The initial product - smaller and in terra cotta -
impressed Father Weber so much that he wanted a larger
version in bronze. He contacted the Vincentian
priests for funds for the bronzing.
Kolman Smith said she was happy to donate the piece.
"I couldn't not do it," she said, adding that she
sells other art pieces. "I'd do it all for free if I
could find someone to pay my children's way through
college."
Although she eschews art contests because she's not a
big fan of art being judged, she was prompted by a
fellow parishioner to enter "The Living Water" in a
contest conducted by Ministry and Liturgy magazine, a
primary resource for liturgists and pastoral ministers.

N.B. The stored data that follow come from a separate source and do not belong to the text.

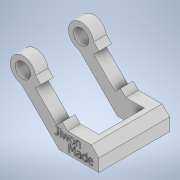
# Autodesk Inventor part: 10-1
Saved by Autodesk Inventor 2022 (Build 260153000, 153)
## iProperties
Created: 2021-09-12
Part Number: 10-1
Material: 일반
Document SubType Name: Modeling
Designer: 서울공업고등학교
Density: 1 g/cm^3
Appearance: 기본값
Author: 서울공업고등학교
Autodesk Inventor part; units mm, degrees
ref_plane "YZ Plane" through (0, 0, 0) normal (1, 0, 0) x (0, 1, 0)
ref_plane "XZ Plane" through (0, 0, 0) normal (0, 1, 0) x (-1, 0, 0)
ref_plane "XY Plane" through (0, 0, 0) normal (0, 0, 1) x (1, 0, 0)
sketch "스케치1" plane through (0, 0, 0) normal (0, 0, 1) x (1, 0, 0)
  circle A0 centre (0, 0) radius 3
  circle A1 centre (0, 0) radius 5
  line L0 (-0.7071, -4.9497) -> (14.3431, -20)
  line L1 (14.3431, -20) -> (30, -20)
  line L2 (30, -20) -> (30, -12)
  line L3 (30, -12) -> (17.6569, -12)
  line L4 (17.6569, -12) -> (15.5563, -9.8995)
  line L5 (15.5563, -9.8995) -> (13.435, -12.0208)
  line L6 (13.435, -12.0208) -> (4.9497, -3.5355)
  line L7 (4.9497, -3.5355) -> (7.0711, -1.4142)
  line L8 (7.0711, -1.4142) -> (4.9497, 0.7071)
  line L9 (0, 0) -> (7.8579, -7.8579)
  dimension "d0" = 6
  dimension "d1" = 10
  dimension "d2" = 8
  dimension "d3" = 3
  dimension "d4" = 20
  dimension "d5" = 5
  dimension "d6" = 6
  dimension "d7" = 12
  dimension "d8" = 45
  dimension "d9" = 8
  dimension "d10" = 30
  dimension "d11" = 8
  constraints: 20 end point, 6 perpendicular, 2 centre point, 2 coincident, 2 parallel, 2 point on circle, 1 horizontal
  measures "d0" diameter of A0
  measures "d1" diameter of A1
  measures "d2" distance between parallel lines of L1 L3
  measures "d3" distance between parallel lines of L6 L8
  measures "d4" distance from line of L1 point (0, 0)
  measures "d5" distance between parallel lines of L0 L6
  measures "d6" distance from line of L7 point (0, 0)
  measures "d7" distance between parallel lines of L5 L7
  measures "d8" angle of L1 L0
  measures "d9" distance between parallel lines of L0 L4
  measures "d10" horizontal distance of L1.end point (0, 0)
  measures "d11" diameter of L0 L9
extrude "돌출1" add sketch "스케치1" along normal mid plane 28
sketch "스케치2" plane through (0, 0, 0) normal (0, 0, 1) x (1, 0, 0)
  line L0 (-7.8, 7.5225) -> (25, 7.5225)
  line L1 (25, 7.5225) -> (25, -21.6426)
  line L2 (25, -21.6426) -> (-7.8, -21.6426)
  line L3 (-7.8, -21.6426) -> (-7.8, 7.5225)
  line L4 (30, -20) -> (30, -12) projected
  point P0 (0, 0)
  dimension "d14" = 5
  constraints: 8 end point, 2 parallel, 1 horizontal, 1 perpendicular
  measures "d14" distance between parallel lines of L1 L4
extrude "돌출2" cut sketch "스케치2" along normal mid plane 18
chamfer "모따기1" distance 3 angle 45 1 edges at (30, -12, 0)
sketch "스케치3" plane through (0, 0, 14) normal (0, 0, 1) x (1, 0, 0)
  line L0 (12.6192, -12.4113) -> (34.3084, -12.4113) construction
  line L1 (34.3084, -12.4113) -> (34.3084, -15.6594) construction
  line L2 (34.3084, -15.6594) -> (12.6192, -15.6594) construction
  line L3 (12.6192, -15.6594) -> (12.6192, -12.4113) construction
  spline S0 degree 2 poles (14.0765, -14.6862) (14.0765, -15.0864) (13.5874, -15.5211) (13.1749, -15.5211) knots 0 0 0 1 2 2 2
  spline S1 degree 2 poles (13.1749, -15.5211) (13.0761, -15.5211) (12.7476, -15.4865) (12.6365, -15.4618) knots 0 0 0 1 2 2 2
  line L4 (12.6365, -15.4618) -> (12.6365, -15.0715)
  line L5 (12.6365, -15.0715) -> (12.6587, -15.0715)
  spline S2 degree 2 poles (12.6587, -15.0715) (12.7427, -15.1012) (12.9922, -15.1704) (13.1206, -15.1704) knots 0 0 0 1 2 2 2
  spline S3 degree 2 poles (13.1206, -15.1704) (13.3083, -15.1704) (13.5331, -15.0839) (13.585, -15.0049) knots 0 0 0 1 2 2 2
  spline S4 degree 2 poles (13.585, -15.0049) (13.6418, -14.9233) (13.6714, -14.6862) (13.6714, -14.5306) knots 0 0 0 1 2 2 2
  line L6 (13.6714, -14.5306) -> (13.6714, -12.7547)
  line L7 (13.6714, -12.7547) -> (13.0267, -12.7547)
  line L8 (13.0267, -12.7547) -> (13.0267, -12.4311)
  line L9 (13.0267, -12.4311) -> (14.0765, -12.4311)
  line L10 (14.0765, -12.4311) -> (14.0765, -14.6862)
  line L11 (15.0373, -15.4791) -> (14.652, -15.4791)
  line L12 (14.652, -15.4791) -> (14.652, -13.1919)
  line L13 (14.652, -13.1919) -> (15.0373, -13.1919)
  line L14 (15.0373, -13.1919) -> (15.0373, -15.4791)
  line L15 (15.0645, -12.8115) -> (14.6273, -12.8115)
  line L16 (14.6273, -12.8115) -> (14.6273, -12.4113)
  line L17 (14.6273, -12.4113) -> (15.0645, -12.4113)
  line L18 (15.0645, -12.4113) -> (15.0645, -12.8115)
  line L19 (18.3743, -13.1919) -> (17.7939, -15.4791)
  line L20 (17.7939, -15.4791) -> (17.4382, -15.4791)
  line L21 (17.4382, -15.4791) -> (16.88, -13.7155)
  line L22 (16.88, -13.7155) -> (16.3242, -15.4791)
  line L23 (16.3242, -15.4791) -> (15.971, -15.4791)
  line L24 (15.971, -15.4791) -> (15.3856, -13.1919)
  line L25 (15.3856, -13.1919) -> (15.7857, -13.1919)
  line L26 (15.7857, -13.1919) -> (16.1908, -14.9629)
  line L27 (16.1908, -14.9629) -> (16.7318, -13.1919)
  line L28 (16.7318, -13.1919) -> (17.0504, -13.1919)
  line L29 (17.0504, -13.1919) -> (17.6061, -14.9629)
  line L30 (17.6061, -14.9629) -> (17.9865, -13.1919)
  line L31 (17.9865, -13.1919) -> (18.3743, -13.1919)
  spline S5 degree 2 poles (20.5924, -14.3355) (20.5924, -14.9135) (20.0366, -15.5433) (19.5723, -15.5433) knots 0 0 0 1 2 2 2
  spline S6 degree 2 poles (19.5723, -15.5433) (19.0956, -15.5433) (18.5497, -14.8937) (18.5497, -14.3355) knots 0 0 0 1 2 2 2
  spline S7 degree 2 poles (18.5497, -14.3355) (18.5497, -13.7624) (19.1129, -13.1276) (19.5723, -13.1276) knots 0 0 0 1 2 2 2
  spline S8 degree 2 poles (19.5723, -13.1276) (20.0366, -13.1276) (20.5924, -13.76) (20.5924, -14.3355) knots 0 0 0 1 2 2 2
  spline S9 degree 2 poles (20.1947, -14.3355) (20.1947, -13.8909) (19.8712, -13.4586) (19.5723, -13.4586) knots 0 0 0 1 2 2 2
  spline S10 degree 2 poles (19.5723, -13.4586) (19.2734, -13.4586) (18.9474, -13.8909) (18.9474, -14.3355) knots 0 0 0 1 2 2 2
  spline S11 degree 2 poles (18.9474, -14.3355) (18.9474, -14.7677) (19.2734, -15.2123) (19.5723, -15.2123) knots 0 0 0 1 2 2 2
  spline S12 degree 2 poles (19.5723, -15.2123) (19.8687, -15.2123) (20.1947, -14.7751) (20.1947, -14.3355) knots 0 0 0 1 2 2 2
  line L32 (22.7833, -15.4791) -> (22.398, -15.4791)
  line L33 (22.398, -15.4791) -> (22.398, -14.1749)
  spline S13 degree 2 poles (22.398, -14.1749) (22.398, -14.0169) (22.3683, -13.7452) (22.3239, -13.6636) knots 0 0 0 1 2 2 2
  spline S14 degree 2 poles (22.3239, -13.6636) (22.277, -13.5772) (22.109, -13.4932) (21.9657, -13.4932) knots 0 0 0 1 2 2 2
  spline S15 degree 2 poles (21.9657, -13.4932) (21.8225, -13.4932) (21.5187, -13.6464) (21.3729, -13.7699) knots 0 0 0 1 2 2 2
  line L34 (21.3729, -13.7699) -> (21.3729, -15.4791)
  line L35 (21.3729, -15.4791) -> (20.9876, -15.4791)
  line L36 (20.9876, -15.4791) -> (20.9876, -13.1919)
  line L37 (20.9876, -13.1919) -> (21.3729, -13.1919)
  line L38 (21.3729, -13.1919) -> (21.3729, -13.4463)
  spline S16 degree 2 poles (21.3729, -13.4463) (21.5458, -13.2907) (21.8793, -13.1276) (22.067, -13.1276) knots 0 0 0 1 2 2 2
  spline S17 degree 2 poles (22.067, -13.1276) (22.4029, -13.1276) (22.7833, -13.5722) (22.7833, -13.9946) knots 0 0 0 1 2 2 2
  line L39 (22.7833, -13.9946) -> (22.7833, -15.4791)
  line L40 (20.7777, -18.9791) -> (20.3726, -18.9791)
  line L41 (20.3726, -18.9791) -> (20.3726, -16.3535)
  line L42 (20.3726, -16.3535) -> (19.5772, -18.1393)
  line L43 (19.5772, -18.1393) -> (19.3302, -18.1393)
  line L44 (19.3302, -18.1393) -> (18.5423, -16.3535)
  line L45 (18.5423, -16.3535) -> (18.5423, -18.9791)
  line L46 (18.5423, -18.9791) -> (18.1644, -18.9791)
  line L47 (18.1644, -18.9791) -> (18.1644, -15.9311)
  line L48 (18.1644, -15.9311) -> (18.7177, -15.9311)
  line L49 (18.7177, -15.9311) -> (19.4784, -17.628)
  line L50 (19.4784, -17.628) -> (20.2145, -15.9311)
  line L51 (20.2145, -15.9311) -> (20.7777, -15.9311)
  line L52 (20.7777, -15.9311) -> (20.7777, -18.9791)
  spline S18 degree 2 poles (22.64, -18.737) (22.5931, -18.7716) (22.435, -18.8951) (22.3609, -18.9322) knots 0 0 0 1 2 2 2
  spline S19 degree 2 poles (22.3609, -18.9322) (22.2597, -18.9865) (22.0695, -19.0433) (21.8966, -19.0433) knots 0 0 0 1 2 2 2
  spline S20 degree 2 poles (21.8966, -19.0433) (21.7558, -19.0433) (21.5014, -18.9371) (21.405, -18.8408) knots 0 0 0 1 2 2 2
  spline S21 degree 2 poles (21.405, -18.8408) (21.3136, -18.7469) (21.2025, -18.4703) (21.2025, -18.3171) knots 0 0 0 1 2 2 2
  spline S22 degree 2 poles (21.2025, -18.3171) (21.2025, -18.08) (21.4026, -17.7441) (21.6199, -17.6478) knots 0 0 0 1 2 2 2
  spline S23 degree 2 poles (21.6199, -17.6478) (21.8126, -17.5588) (22.3362, -17.4922) (22.64, -17.4749) knots 0 0 0 1 2 2 2
  line L53 (22.64, -17.4749) -> (22.64, -17.4008)
  spline S24 degree 2 poles (22.64, -17.4008) (22.64, -17.2674) (22.5585, -17.1019) (22.4844, -17.055) knots 0 0 0 1 2 2 2
  spline S25 degree 2 poles (22.4844, -17.055) (22.4103, -17.008) (22.1979, -16.9784) (22.0843, -16.9784) knots 0 0 0 1 2 2 2
  spline S26 degree 2 poles (22.0843, -16.9784) (21.9509, -16.9784) (21.5903, -17.0574) (21.41, -17.134) knots 0 0 0 1 2 2 2
  line L54 (21.41, -17.134) -> (21.3877, -17.134)
  line L55 (21.3877, -17.134) -> (21.3877, -16.7413)
  spline S27 degree 2 poles (21.3877, -16.7413) (21.494, -16.7116) (21.8916, -16.6375) (22.0868, -16.6375) knots 0 0 0 1 2 2 2
  spline S28 degree 2 poles (22.0868, -16.6375) (22.3239, -16.6375) (22.6475, -16.7116) (22.7759, -16.808) knots 0 0 0 1 2 2 2
  spline S29 degree 2 poles (22.7759, -16.808) (22.9019, -16.9018) (23.0254, -17.2007) (23.0254, -17.4156) knots 0 0 0 1 2 2 2
  line L56 (23.0254, -17.4156) -> (23.0254, -18.9791)
  line L57 (23.0254, -18.9791) -> (22.64, -18.9791)
  line L58 (22.64, -18.9791) -> (22.64, -18.737)
  line L59 (22.64, -18.4159) -> (22.64, -17.7811)
  spline S30 degree 2 poles (22.64, -17.7811) (22.5017, -17.7935) (22.0843, -17.8355) (21.9534, -17.875) knots 0 0 0 1 2 2 2
  spline S31 degree 2 poles (21.9534, -17.875) (21.8002, -17.9219) (21.6002, -18.1171) (21.6002, -18.29) knots 0 0 0 1 2 2 2
  spline S32 degree 2 poles (21.6002, -18.29) (21.6002, -18.4876) (21.8225, -18.6876) (22.0349, -18.6876) knots 0 0 0 1 2 2 2
  spline S33 degree 2 poles (22.0349, -18.6876) (22.2152, -18.6876) (22.5116, -18.532) (22.64, -18.4159) knots 0 0 0 1 2 2 2
  line L60 (25.325, -18.9791) -> (24.9396, -18.9791)
  line L61 (24.9396, -18.9791) -> (24.9396, -18.7469)
  spline S34 degree 2 poles (24.9396, -18.7469) (24.8507, -18.821) (24.7198, -18.9198) (24.6309, -18.9618) knots 0 0 0 1 2 2 2
  spline S35 degree 2 poles (24.6309, -18.9618) (24.5494, -19.0013) (24.374, -19.0433) (24.2579, -19.0433) knots 0 0 0 1 2 2 2
  spline S36 degree 2 poles (24.2579, -19.0433) (24.0702, -19.0433) (23.754, -18.8877) (23.6429, -18.737) knots 0 0 0 1 2 2 2
  spline S37 degree 2 poles (23.6429, -18.737) (23.5317, -18.5864) (23.4082, -18.1418) (23.4082, -17.8528) knots 0 0 0 1 2 2 2
  spline S38 degree 2 poles (23.4082, -17.8528) (23.4082, -17.5514) (23.5638, -17.1118) (23.6997, -16.9463) knots 0 0 0 1 2 2 2
  spline S39 degree 2 poles (23.6997, -16.9463) (23.8257, -16.7981) (24.1789, -16.6276) (24.374, -16.6276) knots 0 0 0 1 2 2 2
  spline S40 degree 2 poles (24.374, -16.6276) (24.5444, -16.6276) (24.7988, -16.7042) (24.9396, -16.7833) knots 0 0 0 1 2 2 2
  line L62 (24.9396, -16.7833) -> (24.9396, -15.7953)
  line L63 (24.9396, -15.7953) -> (25.325, -15.7953)
  line L64 (25.325, -15.7953) -> (25.325, -18.9791)
  line L65 (24.9396, -18.4233) -> (24.9396, -17.1019)
  spline S41 degree 2 poles (24.9396, -17.1019) (24.7964, -17.0327) (24.5691, -16.9809) (24.4382, -16.9809) knots 0 0 0 1 2 2 2
  spline S42 degree 2 poles (24.4382, -16.9809) (24.1418, -16.9809) (23.8059, -17.4255) (23.8059, -17.8454) knots 0 0 0 1 2 2 2
  spline S43 degree 2 poles (23.8059, -17.8454) (23.8059, -18.2504) (24.0628, -18.6778) (24.3468, -18.6778) knots 0 0 0 1 2 2 2
  spline S44 degree 2 poles (24.3468, -18.6778) (24.4975, -18.6778) (24.8038, -18.5394) (24.9396, -18.4233) knots 0 0 0 1 2 2 2
  spline S45 degree 2 poles (26.8761, -19.031) (26.3278, -19.031) (25.7251, -18.4159) (25.7251, -17.8478) knots 0 0 0 1 2 2 2
  spline S46 degree 2 poles (25.7251, -17.8478) (25.7251, -17.2896) (26.3105, -16.6276) (26.7823, -16.6276) knots 0 0 0 1 2 2 2
  spline S47 degree 2 poles (26.7823, -16.6276) (26.9947, -16.6276) (27.3232, -16.7511) (27.4442, -16.8821) knots 0 0 0 1 2 2 2
  spline S48 degree 2 poles (27.4442, -16.8821) (27.5677, -17.013) (27.6986, -17.3909) (27.6986, -17.6651) knots 0 0 0 1 2 2 2
  line L66 (27.6986, -17.6651) -> (27.6986, -17.875)
  line L67 (27.6986, -17.875) -> (26.1154, -17.875)
  spline S49 degree 2 poles (26.1154, -17.875) (26.1154, -18.2727) (26.5155, -18.6951) (26.8712, -18.6951) knots 0 0 0 1 2 2 2
  spline S50 degree 2 poles (26.8712, -18.6951) (26.9972, -18.6951) (27.2417, -18.6382) (27.3405, -18.5938) knots 0 0 0 1 2 2 2
  spline S51 degree 2 poles (27.3405, -18.5938) (27.4442, -18.5444) (27.5875, -18.4579) (27.6344, -18.4184) knots 0 0 0 1 2 2 2
  line L68 (27.6344, -18.4184) -> (27.6566, -18.4184)
  line L69 (27.6566, -18.4184) -> (27.6566, -18.8383)
  spline S52 degree 2 poles (27.6566, -18.8383) (27.59, -18.8655) (27.3874, -18.9445) (27.3084, -18.9668) knots 0 0 0 1 2 2 2
  spline S53 degree 2 poles (27.3084, -18.9668) (27.1972, -18.9989) (27.0144, -19.031) (26.8761, -19.031) knots 0 0 0 1 2 2 2
  spline S54 degree 2 poles (27.3232, -17.5811) (27.3183, -17.4255) (27.254, -17.1982) (27.1923, -17.1216) knots 0 0 0 1 2 2 2
  spline S55 degree 2 poles (27.1923, -17.1216) (27.1256, -17.0352) (26.9156, -16.9438) (26.76, -16.9438) knots 0 0 0 1 2 2 2
  spline S56 degree 2 poles (26.76, -16.9438) (26.6069, -16.9438) (26.392, -17.0352) (26.3031, -17.1241) knots 0 0 0 1 2 2 2
  spline S57 degree 2 poles (26.3031, -17.1241) (26.2166, -17.2155) (26.1277, -17.4353) (26.1154, -17.5811) knots 0 0 0 1 2 2 2
  line L70 (26.1154, -17.5811) -> (27.3232, -17.5811)
  point P0 (0, 0)
  constraints: 2 other
extrude "돌출3" cut sketch "스케치3" against normal blind 1

The bronze was one of the three to receive the BENE
award - one level below Best of Show. The prize
was 100 copies of the magazine.
"I didn't mind that there wasn't any money. the
publicity was worth it's weight in gold," Kolman Smith
said, adding that it had led to recognition by the art
community and several leads on commissions.
To her amazement, her bronze was featured on the
cover of the March 2004 issue.
"The cover was a surprise," she said. "It was
totally cool. And for my first bronze to get that
kind of attention was really amazing."